Raltegravir has been studied in adults and in selected pediatric populations, with dosing and safety data guiding use in younger patients within approved age ranges.

Clinical use and guidelines

Raltegravir is used as part of combination ART for treatment-naive and treatment-experienced adults, as well as certain pediatric patients, in a variety of regimens that aim to maximize virologic suppression while preserving tolerability.
It is commonly included in regimens that pair an INSTI with two nucleoside or nucleotide reverse-transcriptase inhibitors (NRTIs), though exact regimens are tailored to the individual patient’s history and comorbidities.
In guideline documents from major health authorities, raltegravir is recommended as a first-line or alternative agent in certain contexts, reflecting its favorable safety profile, convenient administration, and robust antiviral activity in many patients. See for example discussions in comprehensive HIV treatment guidelines published by national health programs and international societies NIH Guidelines and EACS Guidelines.

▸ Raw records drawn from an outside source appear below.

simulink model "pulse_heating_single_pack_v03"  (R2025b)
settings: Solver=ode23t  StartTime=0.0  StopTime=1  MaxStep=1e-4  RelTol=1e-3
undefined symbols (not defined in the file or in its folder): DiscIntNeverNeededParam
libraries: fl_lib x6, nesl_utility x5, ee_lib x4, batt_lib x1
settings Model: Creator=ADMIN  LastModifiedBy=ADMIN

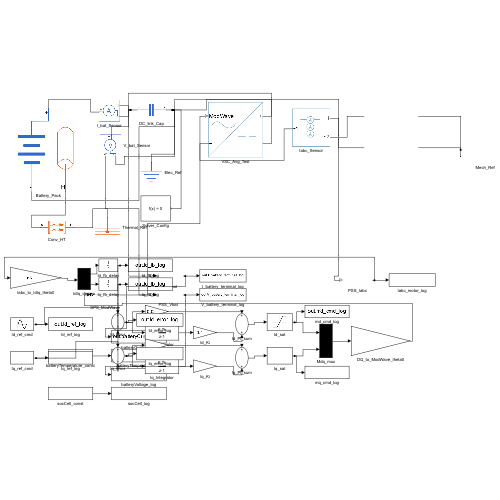
[thumbnail: Simulink's stored preview of the top-level diagram]
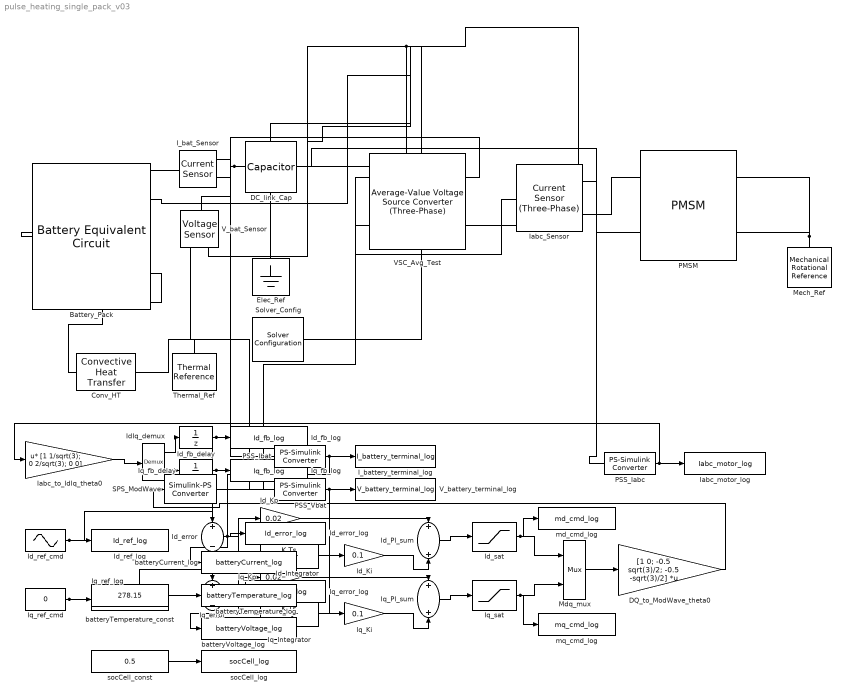
== system pulse_heating_single_pack_v03 ==
  Battery_Pack : batt_lib/Cells/Battery Equivalent Circuit  BatteryCapacity=27 A*hr  ThermalModel=simscape.battery.enum.cells.BatteryThermalModel.LumpedThermalMass  ExtrapolationMethod=simscape.enum.extrapolation.nearest  SOCBreakpoints=[0 0.1 0.25 0.5 0.75 0.9 1]  TemperatureBreakpoints=[278 293 313] K  OpenCircuitVoltage=[757.2312 770.256 784.8792 801.9432 847.9944 880.7832 905.6448] V  OpenCircuitVoltageThermal=[753.84 756 758.16;766.8 771.12 768.96;781.92 784.08 786.24;801.36 801.36 803.52;844.56 848.88 851.04;879.12 881.28 881.28;905.04 905.04 905.04] V  VoltageRange=[0, inf] V  HysteresisModel=simscape.battery.enum.cells.HysteresisModel.none  MaximumHysteresisVoltage=[0, 0, 0, 0, 0, 0, 0] V  InstantaneousHysteresisVoltage=[0, 0, 0, 0, 0, 0, 0] V  HysteresisRate=0.1  MaximumHysteresisVoltageThermal=[0, 0, 0; 0, 0, 0; 0, 0, 0; 0, 0, 0; 0, 0, 0; 0, 0, 0; 0, 0, 0] V  InstantaneousHysteresisVoltageThermal=[0, 0, 0; 0, 0, 0; 0, 0, 0; 0, 0, 0; 0, 0, 0; 0, 0, 0; 0, 0, 0] V  HysteresisRateThermal=0.1  ResistanceSOCBreakpoints=[0, .1, .25, .5, .75, .9, 1]  ResistanceTemperatureBreakpoints=[278, 293, 313] K  ResistanceCurrentBreakpoints=[-1 0 1] A  CurrentDependence=simscape.battery.enum.cells.CurrentDependence.Disabled  R0=[1.836 1.836 1.8792 1.7712 1.7928 1.836 1.836] Ohm  R0I=[2.5272 1.836 1.944;2.376 1.836 1.944;2.4624 1.8792 1.9872;2.3112 1.7712 1.9008;2.3112 1.7928 1.9656;2.4408 1.836 1.9224;2.5056 1.836 1.9224] Ohm  R0Thermal=[2.5272 1.836 1.944;2.376 1.836 1.944;2.4624 1.8792 1.9872;2.3112 1.7712 1.9008;2.3112 1.7928 1.9656;2.4408 1.836 1.9224;2.5056 1.836 1.9224] Ohm  R0ThermalI=repmat([2.5272 1.836 1.944;2.376 1.836 1.944;2.4624 1.8792 1.9872;2.3112 1.7712 1.9008;2.3112 1.7928 1.9656;2.4408 1.836 1.9224;2.5056 1.836 1.9224], 1, 1, 3) Ohm  DischargeR0=[.0085, .0085, .0087, .0082, .0083, .0085, .0085] Ohm  ChargeR0=[.0085, .0085, .0087, .0082, .0083, .0085, .0085] Ohm  ChargeR0Thermal=[.0117, .0085, .009; .011, .0085, .009; .0114, .0087, .0092; .0107, .0082, .0088; .0107, .0083, .0091; .0113, .0085, .0089; .0116, .0085, .0089] Ohm  DischargeR0Thermal=[.0117, .0085, .009; .011, .0085, .009; .0114, .0087, .0092; .0107, .0082, .0088; .0107, .0083, .0091; .0113, .0085, .0089; .0116, .0085, .0089] Ohm  RCPairs=simscape.battery.enum.cells.RCPairs.noDynamics  R1=[.0029, .0024, .0026, .0016, .0023, .0018, .0017] Ohm  Tau1=[36, 45, 105, 29, 77, 33, 39] s  R2=[.0029, .0024, .0026, .0016, .0023, .0018, .0017] Ohm  Tau2=[36, 45, 105, 29, 77, 33, 39] s  R3=[.0029, .0024, .0026, .0016, .0023, .0018, .0017] Ohm  Tau3=[36, 45, 105, 29, 77, 33, 39] s  R1I=[.0109, .0029, .0013; .0069, .0024, .0012; .0047, .0026, .0013; .0034, .0016, .001; .0033, .0023, .0014; .0033, .0018, .0011; .0028, .0017, .0011] Ohm  Tau1I=[20, 36, 39; 31, 45, 39; 109, 105, 61; 36, 29, 26; 59, 77, 67; 40, 33, 29; 25, 39, 33] s  R2I=[.0109, .0029, .0013; .0069, .0024, .0012; .0047, .0026, .0013; .0034, .0016, .001; .0033, .0023, .0014; .0033, .0018, .0011; .0028, .0017, .0011] Ohm  Tau2I=[20, 36, 39; 31, 45, 39; 109, 105, 61; 36, 29, 26; 59, 77, 67; 40, 33, 29; 25, 39, 33] s  R3I=[.0109, .0029, .0013; .0069, .0024, .0012; .0047, .0026, .0013; .0034, .0016, .001; .0033, .0023, .0014; .0033, .0018, .0011; .0028, .0017, .0011] Ohm  Tau3I=[20, 36, 39; 31, 45, 39; 109, 105, 61; 36, 29, 26; 59, 77, 67; 40, 33, 29; 25, 39, 33] s  DischargeR1=[0.6264 0.5184 0.5616 0.3456 0.4968 0.3888 0.3672] Ohm  DischargeTau1=[36 45 105 29 77 33 39] s  ChargeR1=[0.6264 0.5184 0.5616 0.3456 0.4968 0.3888 0.3672] Ohm  ChargeTau1=[36 45 105 29 77 33 39] s  DischargeR2=[0.6264 0.5184 0.5616 0.3456 0.4968 0.3888 0.3672] Ohm  DischargeTau2=[36 45 105 29 77 33 39] s  ChargeR2=[0.6264 0.5184 0.5616 0.3456 0.4968 0.3888 0.3672] Ohm  ChargeTau2=[36 45 105 29 77 33 39] s  DischargeR3=[0.6264 0.5184 0.5616 0.3456 0.4968 0.3888 0.3672] Ohm  DischargeTau3=[36 45 105 29 77 33 39] s  ChargeR3=[0.6264 0.5184 0.5616 0.3456 0.4968 0.3888 0.3672] Ohm  ChargeTau3=[36 45 105 29 77 33 39] s  R1Thermal=[.0109, .0029, .0013; .0069, .0024, .0012; .0047, .0026, .0013; .0034, .0016, .001; .0033, .0023, .0014; .0033, .0018, .0011; .0028, .0017, .0011] Ohm  Tau1Thermal=[20, 36, 39; 31, 45, 39; 109, 105, 61; 36, 29, 26; 59, 77, 67; 40, 33, 29; 25, 39, 33] s  R2Thermal=[.0109, .0029, .0013; .0069, .0024, .0012; .0047, .0026, .0013; .0034, .0016, .001; .0033, .0023, .0014; .0033, .0018, .0011; .0028, .0017, .0011] Ohm  Tau2Thermal=[20, 36, 39; 31, 45, 39; 109, 105, 61; 36, 29, 26; 59, 77, 67; 40, 33, 29; 25, 39, 33] s  R3Thermal=[.0109, .0029, .0013; .0069, .0024, .0012; .0047, .0026, .0013; .0034, .0016, .001; .0033, .0023, .0014; .0033, .0018, .0011; .0028, .0017, .0011] Ohm  Tau3Thermal=[20, 36, 39; 31, 45, 39; 109, 105, 61; 36, 29, 26; 59, 77, 67; 40, 33, 29; 25, 39, 33] s  R1ThermalI=repmat([.0109, .0029, .0013; .0069, .0024, .0012; .0047, .0026, .0013; .0034, .0016, .001; .0033, .0023, .0014; .0033, .0018, .0011; .0028, .0017, .0011], 1, 1, 3) Ohm  Tau1ThermalI=repmat([20, 36, 39; 31, 45, 39; 109, 105, 61; 36, 29, 26; 59, 77, 67; 40, 33, 29; 25, 39, 33], 1, 1, 3) s  R2ThermalI=repmat([.0109, .0029, .0013; .0069, .0024, .0012; .0047, .0026, .0013; .0034, .0016, .001; .0033, .0023, .0014; .0033, .0018, .0011; .0028, .0017, .0011], 1, 1, 3) Ohm  Tau2ThermalI=repmat([20, 36, 39; 31, 45, 39; 109, 105, 61; 36, 29, 26; 59, 77, 67; 40, 33, 29; 25, 39, 33], 1, 1, 3) s  R3ThermalI=repmat([.0109, .0029, .0013; .0069, .0024, .0012; .0047, .0026, .0013; .0034, .0016, .001; .0033, .0023, .0014; .0033, .0018, .0011; .0028, .0017, .0011], 1, 1, 3) Ohm  Tau3ThermalI=repmat([20, 36, 39; 31, 45, 39; 109, 105, 61; 36, 29, 26; 59, 77, 67; 40, 33, 29; 25, 39, 33], 1, 1, 3) s  DischargeR1Thermal=[2.3544 0.6264 0.2808;1.4904 0.5184 0.2592;1.0152 0.5616 0.2808;0.7344 0.3456 0.216;0.7128 0.4968 0.3024;0.7128 0.3888 0.2376;0.6048 0.3672 0.2376] Ohm  DischargeTau1Thermal=[20 36 39;31 45 39;109 105 61;36 29 26;59 77 67;40 33 29;25 39 33] s  ChargeR1Thermal=[2.3544 0.6264 0.2808;1.4904 0.5184 0.2592;1.0152 0.5616 0.2808;0.7344 0.3456 0.216;0.7128 0.4968 0.3024;0.7128 0.3888 0.2376;0.6048 0.3672 0.2376] Ohm  ChargeTau1Thermal=[20 36 39;31 45 39;109 105 61;36 29 26;59 77 67;40 33 29;25 39 33] s  DischargeR2Thermal=[2.3544 0.6264 0.2808;1.4904 0.5184 0.2592;1.0152 0.5616 0.2808;0.7344 0.3456 0.216;0.7128 0.4968 0.3024;0.7128 0.3888 0.2376;0.6048 0.3672 0.2376] Ohm  DischargeTau2Thermal=[20 36 39;31 45 39;109 105 61;36 29 26;59 77 67;40 33 29;25 39 33] s  ChargeR2Thermal=[2.3544 0.6264 0.2808;1.4904 0.5184 0.2592;1.0152 0.5616 0.2808;0.7344 0.3456 0.216;0.7128 0.4968 0.3024;0.7128 0.3888 0.2376;0.6048 0.3672 0.2376] Ohm  ChargeTau2Thermal=[20 36 39;31 45 39;109 105 61;36 29 26;59 77 67;40 33 29;25 39 33] s  DischargeR3Thermal=[2.3544 0.6264 0.2808;1.4904 0.5184 0.2592;1.0152 0.5616 0.2808;0.7344 0.3456 0.216;0.7128 0.4968 0.3024;0.7128 0.3888 0.2376;0.6048 0.3672 0.2376] Ohm  DischargeTau3Thermal=[20 36 39;31 45 39;109 105 61;36 29 26;59 77 67;40 33 29;25 39 33] s  ChargeR3Thermal=[2.3544 0.6264 0.2808;1.4904 0.5184 0.2592;1.0152 0.5616 0.2808;0.7344 0.3456 0.216;0.7128 0.4968 0.3024;0.7128 0.3888 0.2376;0.6048 0.3672 0.2376] Ohm  ChargeTau3Thermal=[20 36 39;31 45 39;109 105 61;36 29 26;59 77 67;40 33 29;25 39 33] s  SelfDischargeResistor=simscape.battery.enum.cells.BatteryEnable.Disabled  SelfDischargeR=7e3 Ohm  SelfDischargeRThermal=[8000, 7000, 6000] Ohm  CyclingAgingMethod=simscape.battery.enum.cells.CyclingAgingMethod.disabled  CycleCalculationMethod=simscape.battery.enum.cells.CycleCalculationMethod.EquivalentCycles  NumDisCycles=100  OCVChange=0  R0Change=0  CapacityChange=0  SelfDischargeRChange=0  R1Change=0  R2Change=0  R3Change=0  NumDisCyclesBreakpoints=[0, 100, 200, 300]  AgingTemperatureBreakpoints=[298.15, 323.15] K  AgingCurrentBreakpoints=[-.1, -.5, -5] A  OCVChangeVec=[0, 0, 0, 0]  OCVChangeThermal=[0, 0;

Safety, adverse effects, and safety monitoring

Common adverse effects reported with raltegravir include headaches, gastrointestinal symptoms (nausea, diarrhea), fatigue, and sleep disturbances. These side effects are typically mild to moderate and manageable in many patients.
Serious but less common adverse events can occur. A hypersensitivity reaction or severe immune reconstitution inflammatory syndrome (IRIS) may require discontinuation. Raltegravir has also been associated with muscle-related symptoms, including myopathy and rhabdomyolysis in rare cases, especially when used with certain other medications or in patients with risk factors.
There is a potential for drug interactions, particularly with agents that affect glucuronidation pathways (e.g., strong inducers or inhibitors of UGT1A1) and with medications that can alter the absorption of raltegravir through chelation with polyvalent cations. Clinicians consult drug interaction resources when patients are on complex regimens.

Resistance and durability of response

As with other antiretrovirals, adherence is critical to maintaining virologic suppression and preventing resistance. Resistance to raltegravir can emerge, particularly in the setting of suboptimal adherence or when used as monotherapy. Mutations in the HIV integrase gene may reduce susceptibility to raltegravir and can, in some cases, influence cross-resistance patterns with other integrase inhibitors.
In clinical practice, raltegravir is typically used as part of combination regimens to minimize the likelihood of resistance and to preserve future treatment options.

History and development

Raltegravir was the first approved agent in the integrase inhibitor class, representing a significant advance in the diversification of antiretroviral mechanisms. Its development and approval reflected a broader strategy in HIV therapy to target multiple steps in the viral life cycle, supporting long-term viral suppression and improved treatment durability.
Over time, raltegravir has been joined by second- and third-generation integrase inhibitors that offer differing dosing regimens and resistance profiles, but raltegravir remains an important component of many regimens and a reference point in INSTI-based therapy. See Isentress for brand-context information and historical development details.